Glasgow & West Scotland

'Wholly unreliable' Rangers owner Craig Whyte loses roofing court case

Craig Whyte
Image caption Craig Whyte said he had not agreed to pay the invoices

Rangers owner Craig Whyte has been told to pay a disputed bill of £86,127 to a roofing firm after a sheriff described his evidence as "wholly unreliable".

One Stop Roofing Supplies claimed Mr Whyte's company Tixway UK had breached an agreement to pay for goods bought by another company, ­Snowcast UK.

Mr Whyte, 40, disputed this and said he was a creditor of Snowcast.

In a written ruling, Sheriff Nigel Ross stated: "I reject the evidence of Mr Whyte as wholly unreliable."

The case centred on the business relationship between Mr Whyte, Chris Keating, who owned Snowcast UK before it folded, and One Stop Roofing Supplies, which is run by Robert Jenkins.

During evidence in December, Mr Whyte told the court he was introduced to Mr Jenkins in April 2008 through friend and businessman Mr Keating.

The court was told Mr Whyte helped Mr Keating's own business by lending money when it was required.

It was said that Mr Keating regularly bought supplies from the roofing firm.

Mr Whyte told the court the only orders made by him, and that he was invoiced for by One Stop Roofing, were for the repairs he was carrying out at Castle Grant in Grantown on Spey.

He said he did not agree for invoices for Mr Keating's business to be sent to him or paid by him.

The court also heard that Mr Whyte became the director of Tixway after serving a seven-year disqualification from being a company director.

Asked why he was banned, Mr Whyte said he could not remember as it was some time ago. He also said he did not want to say in open court and get it wrong.

In his ruling on the case, Sheriff Ross stated: "I accept the evidence led by the pursuer (One Stop Roofing) as credible and reliable, and supported by the available documentation.

"I reject the evidence of Mr Whyte as wholly unreliable.

"It is not possible to ascertain whether he is not telling the truth or is simply unable to recollect the true position, and has convinced himself that this arrangement is something that he would not have entered into.

"Either way, his evidence is contradicted by virtually every other piece of evidence."

'Legal liability'

Sheriff Ross found that Mr Whyte's firm Tixway had "offered its own credit rating to allow cover for the supply of large volumes of materials to Snowcast".

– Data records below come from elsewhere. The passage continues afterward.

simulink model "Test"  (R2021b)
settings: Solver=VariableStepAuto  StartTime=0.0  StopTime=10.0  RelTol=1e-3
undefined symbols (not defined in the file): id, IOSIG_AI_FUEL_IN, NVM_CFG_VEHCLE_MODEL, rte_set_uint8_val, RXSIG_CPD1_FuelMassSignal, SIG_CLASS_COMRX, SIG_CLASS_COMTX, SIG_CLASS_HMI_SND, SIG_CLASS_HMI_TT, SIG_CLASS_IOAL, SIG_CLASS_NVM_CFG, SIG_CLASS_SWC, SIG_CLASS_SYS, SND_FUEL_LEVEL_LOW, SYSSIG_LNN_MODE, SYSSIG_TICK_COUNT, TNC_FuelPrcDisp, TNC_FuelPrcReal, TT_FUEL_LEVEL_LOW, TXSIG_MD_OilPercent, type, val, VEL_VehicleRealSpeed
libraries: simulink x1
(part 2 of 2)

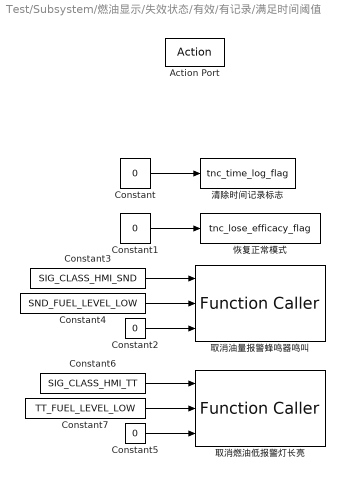
== system Test/Subsystem/燃油显示/失效状态/有效/有记录/满足时间阈值 ==
  Action Port : ActionPort
  Constant{,1..2,5} (4 alike) : Constant  Value=0  OutDataTypeStr=uint8
  Constant3 : Constant  Value=SIG_CLASS_HMI_SND  OutDataTypeStr=uint8
  Constant4 : Constant  Value=SND_FUEL_LEVEL_LOW  OutDataTypeStr=uint16
  Constant6 : Constant  Value=SIG_CLASS_HMI_TT  OutDataTypeStr=uint8
  Constant7 : Constant  Value=TT_FUEL_LEVEL_LOW  OutDataTypeStr=uint16
  取消油量报警蜂鸣器鸣叫 : FunctionCaller  FunctionPrototype=rte_set_uint8_val(type,id,val)  InputArgumentSpecifications=uint8(1), uint16(1), uint8(1)  OutputArgumentSpecifications=<Enter example>
  取消燃油低报警灯长亮 : FunctionCaller  FunctionPrototype=rte_set_uint8_val(type,id,val)  InputArgumentSpecifications=uint8(1), uint16(1), uint8(1)  OutputArgumentSpecifications=<Enter example>
  恢复正常模式 : DataStoreWrite  DataStoreName=tnc_lose_efficacy_flag  IndexOptions=Index vector (dialog)  Indices=1  OutputSizes=1
  清除时间记录标志 : DataStoreWrite  DataStoreName=tnc_time_log_flag  IndexOptions=Index vector (dialog)  Indices=1  OutputSizes=1
  wires:
  Constant/1 -> 清除时间记录标志/1
  Constant1/1 -> 恢复正常模式/1
  Constant2/1 -> 取消油量报警蜂鸣器鸣叫/3
  Constant6/1 -> 取消燃油低报警灯长亮/1
  Constant7/1 -> 取消燃油低报警灯长亮/2
  Constant4/1 -> 取消油量报警蜂鸣器鸣叫/2
  Constant3/1 -> 取消油量报警蜂鸣器鸣叫/1
  Constant5/1 -> 取消燃油低报警灯长亮/3

== system Test/Subsystem/燃油显示/正常状态/无效/有记录/Subsystem ==
  his : Inport  OutDataTypeStr=uint32
  now : Inport  Port=2  OutDataTypeStr=uint32
  If : If  NumInputs=2  IfExpression=u1 > u2  ElseIfExpressions=u1 < u2
  Merge : Merge  Inputs=3
  历史值大于当前值 : Subsystem  TreatAsAtomicUnit=on
  历史值小于当前值 : Subsystem  TreatAsAtomicUnit=on
  历史值等于当前值 : Subsystem  TreatAsAtomicUnit=on
  time_diff : Outport  OutDataTypeStr=uint32
  wires:
  his/1 -> 历史值小于当前值/1(his), 历史值大于当前值/1(his), If/1
  now/1 -> 历史值小于当前值/2(now), 历史值大于当前值/2(now), If/2
  If/1 -> 历史值大于当前值/Action
  If/2 -> 历史值小于当前值/Action
  If/3 -> 历史值等于当前值/Action
  历史值大于当前值/1(time_diff) -> Merge/1
  历史值小于当前值/1(time_diff) -> Merge/2
  历史值等于当前值/1(time_diff) -> Merge/3
  Merge/1 -> time_diff/1

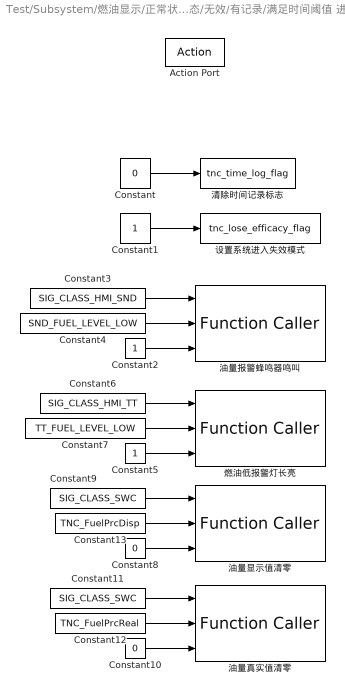
== system Test/Subsystem/燃油显示/正常状态/无效/有记录/满足时间阈值 进入失效模式 时间记录标志复位 ==
  Action Port : ActionPort
  Constant : Constant  Value=0  OutDataTypeStr=uint8
  Constant1 : Constant  OutDataTypeStr=uint8
  Constant10 : Constant  Value=0  OutDataTypeStr=uint8
  Constant11 : Constant  Value=SIG_CLASS_SWC  OutDataTypeStr=uint8
  Constant12 : Constant  Value=TNC_FuelPrcReal  OutDataTypeStr=uint16
  Constant13 : Constant  Value=TNC_FuelPrcDisp  OutDataTypeStr=uint16
  Constant2 : Constant  OutDataTypeStr=uint8
  Constant3 : Constant  Value=SIG_CLASS_HMI_SND  OutDataTypeStr=uint8
  Constant4 : Constant  Value=SND_FUEL_LEVEL_LOW  OutDataTypeStr=uint16
  Constant5 : Constant  OutDataTypeStr=uint8
  Constant6 : Constant  Value=SIG_CLASS_HMI_TT  OutDataTypeStr=uint8
  Constant7 : Constant  Value=TT_FUEL_LEVEL_LOW  OutDataTypeStr=uint16
  Constant8 : Constant  Value=0  OutDataTypeStr=uint8
  Constant9 : Constant  Value=SIG_CLASS_SWC  OutDataTypeStr=uint8
  油量报警蜂鸣器鸣叫 : FunctionCaller  FunctionPrototype=rte_set_uint8_val(type,id,val)  InputArgumentSpecifications=uint8(1), uint16(1), uint8(1)  OutputArgumentSpecifications=<Enter example>
  油量显示值清零 : FunctionCaller  FunctionPrototype=rte_set_uint8_val(type,id,val)  InputArgumentSpecifications=uint8(1), uint16(1), uint8(1)  OutputArgumentSpecifications=<Enter example>
  油量真实值清零 : FunctionCaller  FunctionPrototype=rte_set_uint8_val(type,id,val)  InputArgumentSpecifications=uint8(1), uint16(1), uint8(1)  OutputArgumentSpecifications=<Enter example>
  清除时间记录标志 : DataStoreWrite  DataStoreName=tnc_time_log_flag  IndexOptions=Index vector (dialog)  Indices=1  OutputSizes=1
  燃油低报警灯长亮 : FunctionCaller  FunctionPrototype=rte_set_uint8_val(type,id,val)  InputArgumentSpecifications=uint8(1), uint16(1), uint8(1)  OutputArgumentSpecifications=<Enter example>
  设置系统进入失效模式 : DataStoreWrite  DataStoreName=tnc_lose_efficacy_flag  IndexOptions=Index vector (dialog)  Indices=1  OutputSizes=1
  wires:
  Constant/1 -> 清除时间记录标志/1
  Constant1/1 -> 设置系统进入失效模式/1
  Constant8/1 -> 油量显示值清零/3
  Constant11/1 -> 油量真实值清零/1
  Constant9/1 -> 油量显示值清零/1
  Constant12/1 -> 油量真实值清零/2
  Constant13/1 -> 油量显示值清零/2
  Constant5/1 -> 燃油低报警灯长亮/3
  Constant3/1 -> 油量报警蜂鸣器鸣叫/1
  Constant6/1 -> 燃油低报警灯长亮/1
  Constant10/1 -> 油量真实值清零/3
  Constant4/1 -> 油量报警蜂鸣器鸣叫/2
  Constant7/1 -> 燃油低报警灯长亮/2
  Constant2/1 -> 油量报警蜂鸣器鸣叫/3

== system Test/Subsystem/燃油显示/失效状态/有效/有记录/Subsystem/历史值大于当前值 ==
  his : Inport  OutDataTypeStr=uint32
  now : Inport  Port=2  OutDataTypeStr=uint32
  Action Port : ActionPort
  Add : Sum  Inputs=+-
  Add Constant : Bias  Bias=1
  Add1 : Sum
  Constant : Constant  Value=0xFFFFFFFF  OutDataTypeStr=uint32
  time_diff : Outport  OutDataTypeStr=uint32
  wires:
  Constant/1 -> Add/1
  his/1 -> Add/2
  Add/1 -> Add1/1
  now/1 -> Add1/2
  Add1/1 -> Add Constant/1
  Add Constant/1 -> time_diff/1

== system Test/Subsystem/燃油显示/失效状态/有效/有记录/Subsystem/历史值小于当前值 ==
  his : Inport  OutDataTypeStr=uint32
  now : Inport  Port=2  OutDataTypeStr=uint32
  Action Port : ActionPort
  Add : Sum  Inputs=+-
  time_diff : Outport  OutDataTypeStr=uint32
  wires:
  now/1 -> Add/1
  his/1 -> Add/2
  Add/1 -> time_diff/1

== system Test/Subsystem/燃油显示/失效状态/有效/有记录/Subsystem/历史值等于当前值 ==
  Action Port : ActionPort
  Constant : Constant  Value=0xFFFFFFFF  OutDataTypeStr=uint32
  time_diff : Outport  OutDataTypeStr=uint32
  wires:
  Constant/1 -> time_diff/1

== system Test/Subsystem/燃油显示/正常状态/无效/有记录/Subsystem/历史值大于当前值 ==
  his : Inport  OutDataTypeStr=uint32
  now : Inport  Port=2  OutDataTypeStr=uint32
  Action Port : ActionPort
  Add : Sum  Inputs=+-
  Add Constant : Bias  Bias=1
  Add1 : Sum
  Constant : Constant  Value=0xFFFFFFFF  OutDataTypeStr=uint32
  time_diff : Outport  OutDataTypeStr=uint32
  wires:
  Constant/1 -> Add/1
  his/1 -> Add/2
  Add/1 -> Add1/1
  now/1 -> Add1/2
  Add1/1 -> Add Constant/1
  Add Constant/1 -> time_diff/1

== system Test/Subsystem/燃油显示/正常状态/无效/有记录/Subsystem/历史值小于当前值 ==
  his : Inport  OutDataTypeStr=uint32
  now : Inport  Port=2  OutDataTypeStr=uint32
  Action Port : ActionPort
  Add : Sum  Inputs=+-
  time_diff : Outport  OutDataTypeStr=uint32
  wires:
  now/1 -> Add/1
  his/1 -> Add/2
  Add/1 -> time_diff/1

== system Test/Subsystem/燃油显示/正常状态/无效/有记录/Subsystem/历史值等于当前值 ==
  Action Port : ActionPort
  Constant : Constant  Value=0xFFFFFFFF  OutDataTypeStr=uint32
  time_diff : Outport  OutDataTypeStr=uint32
  wires:
  Constant/1 -> time_diff/1

== matlab function Test/Subsystem/燃油显示/正常状态/有效/大于等于3km//h/filter_higher_3 ==
  data: spd_bf input single size=1; spd_af output single size=1
function spd_af = filter_higher_3(spd_bf)

persistent filter_buf_higher;
if isempty(filter_buf_higher)
    filter_buf_higher = zeros(1,20,class(spd_bf));
end
%spd_af = zeros(1, class(spd_bf));
%for i = 1 : numel(spd_bf)
filter_buf_higher(2:end) = filter_buf_higher(1:end-1);
filter_buf_higher(1) = spd_bf;
spd_af = single(sum(filter_buf_higher)/numel(filter_buf_higher));

== matlab function Test/Subsystem/燃油显示/正常状态/有效/小于3km//h1/filter_lower_3 ==
  data: spd_bf input single size=1; spd_af output single
function spd_af = filter_lower_3(spd_bf)

persistent filter_buf_lower;
if isempty(filter_buf_lower)
    filter_buf_lower = zeros(1, 16, class(spd_bf));
end
%spd_af = zeros(1, class(spd_bf));

filter_buf_lower(2:end) = filter_buf_lower(1:end-1);
filter_buf_lower(1) = spd_bf;
spd_af = single(sum(filter_buf_lower)/numel(filter_buf_lower));
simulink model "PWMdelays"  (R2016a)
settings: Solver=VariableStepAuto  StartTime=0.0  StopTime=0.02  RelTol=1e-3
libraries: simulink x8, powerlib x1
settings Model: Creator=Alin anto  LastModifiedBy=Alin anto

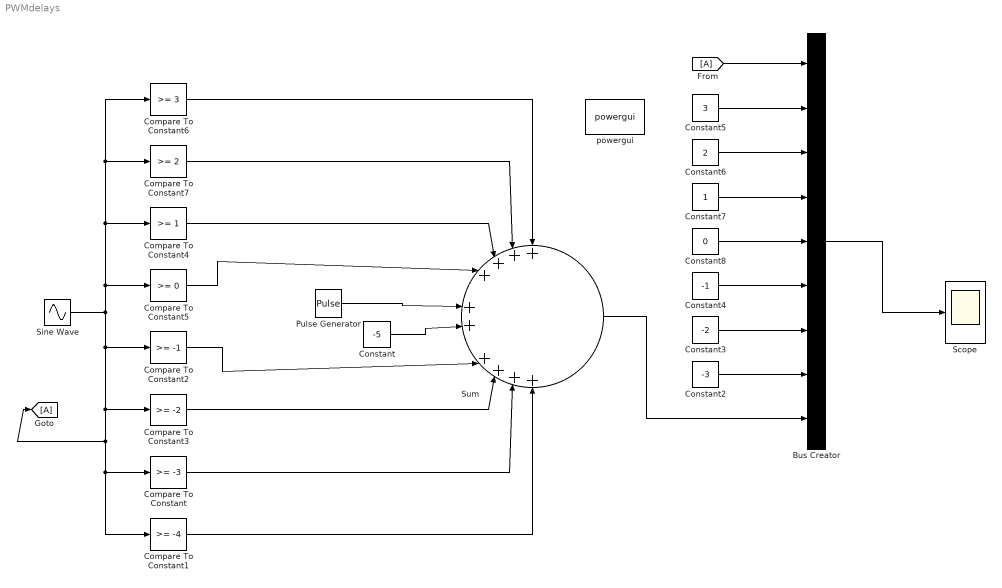
== system PWMdelays ==
  Bus Creator : BusCreator  Inputs=9
  Compare To Constant : simulink/Logic and Bit Operations/Compare To Constant  relop=>=  const=-3  OutDataTypeStr=boolean
  Compare To Constant1 : simulink/Logic and Bit Operations/Compare To Constant  relop=>=  const=-4  OutDataTypeStr=boolean
  Compare To Constant2 : simulink/Logic and Bit Operations/Compare To Constant  relop=>=  const=-1  OutDataTypeStr=boolean
  Compare To Constant3 : simulink/Logic and Bit Operations/Compare To Constant  relop=>=  const=-2  OutDataTypeStr=boolean
  Compare To Constant4 : simulink/Logic and Bit Operations/Compare To Constant  relop=>=  const=1  OutDataTypeStr=boolean
  Compare To Constant5 : simulink/Logic and Bit Operations/Compare To Constant  relop=>=  const=0  OutDataTypeStr=boolean
  Compare To Constant6 : simulink/Logic and Bit Operations/Compare To Constant  relop=>=  const=3  OutDataTypeStr=boolean
  Compare To Constant7 : simulink/Logic and Bit Operations/Compare To Constant  relop=>=  const=2  OutDataTypeStr=boolean
  Constant : Constant  Value=-5
  Constant2 : Constant  Value=-3
  Constant3 : Constant  Value=-2
  Constant4 : Constant  Value=-1
  Constant5 : Constant  Value=3
  Constant6 : Constant  Value=2
  Constant7 : Constant
  Constant8 : Constant  Value=0
  Pulse Generator : DiscretePulseGenerator  PulseType=Time based  Period=0.0001  PulseWidth=50
  Scope : Scope
  Sine Wave : Sin  Amplitude=4  Frequency=2*pi*50  SampleTime=0
  Sum : Sum  Inputs=++++|++|++++
  powergui : powerlib/powergui  Priority=1  SimulationMode=Continuous  SolverType=Tustin/Backward Euler (TBE)  SampleTime=50e-6  frequency=60  SPID=off  DisableSnubberDevices=off  DisableRonSwitches=off  DisableVfSwitches=off  SwTol=0  DisplayEquations=off  Interpol=off  ExternalGateDelay=off  methode=off  Ts=10  FunctionMessages=off  echomessages=off  HookPort=off  EnableUseOfTLC=off  x0status=blocks  frequencyindice=60  Pbase=100e6  ErrMax=1e-4  Iterations=50  UnitsV=kV  UnitsW=MW  buscounter=0  RestoreLinks=warning  ResistiveCurrentMeasurement=off  Frange=[0:2:500]  Ylog=off  Xlog=on  ShowGrid=off  save=off  variable=ZData  structure=0  ZoomFFT=off  StartTime=0.0  cycles=1  DisplayStyle=1  fundamental=60  FreqAxis=off  MaxFrequency=1000  frequencyindicesteady=1  RmsSteady=1  display=off
  wires:
  Sine Wave/1 -> [A], Compare To Constant1/1, Compare To Constant/1, Compare To Constant3/1, Compare To Constant2/1, Compare To Constant5/1, Compare To Constant4/1, Compare To Constant7/1, Compare To Constant6/1
  Pulse Generator/1 -> Sum/5
  Compare To Constant6/1 -> Sum/1
  Compare To Constant7/1 -> Sum/2
  Compare To Constant4/1 -> Sum/3
  Compare To Constant5/1 -> Sum/4
  [A] -> Bus Creator/1
  Constant5/1 -> Bus Creator/2
  Constant6/1 -> Bus Creator/3
  Constant7/1 -> Bus Creator/4
  Constant8/1 -> Bus Creator/5
  Constant4/1 -> Bus Creator/6
  Constant3/1 -> Bus Creator/7
  Constant2/1 -> Bus Creator/8
  Sum/1 -> Bus Creator/9
  Bus Creator/1 -> Scope/1
  Compare To Constant1/1 -> Sum/10
  Compare To Constant/1 -> Sum/9
  Compare To Constant3/1 -> Sum/8
  Compare To Constant2/1 -> Sum/7
  Constant/1 -> Sum/6

He said this was "subject to a high degree of control by the defender over Snowcast and an understanding between the defender (Tixway) and Snowcast that Snowcast would make payment for those materials".

Sheriff Ross concluded: "As a matter of legal liability, however, the defender remains the principal obligant.

"There is no dispute as to the sum outstanding, nor that it was properly incurred, and I accept the total brought out by the pursuer's figures."

A hearing will be fixed for a later date for both parties to discuss expenses arising from the case.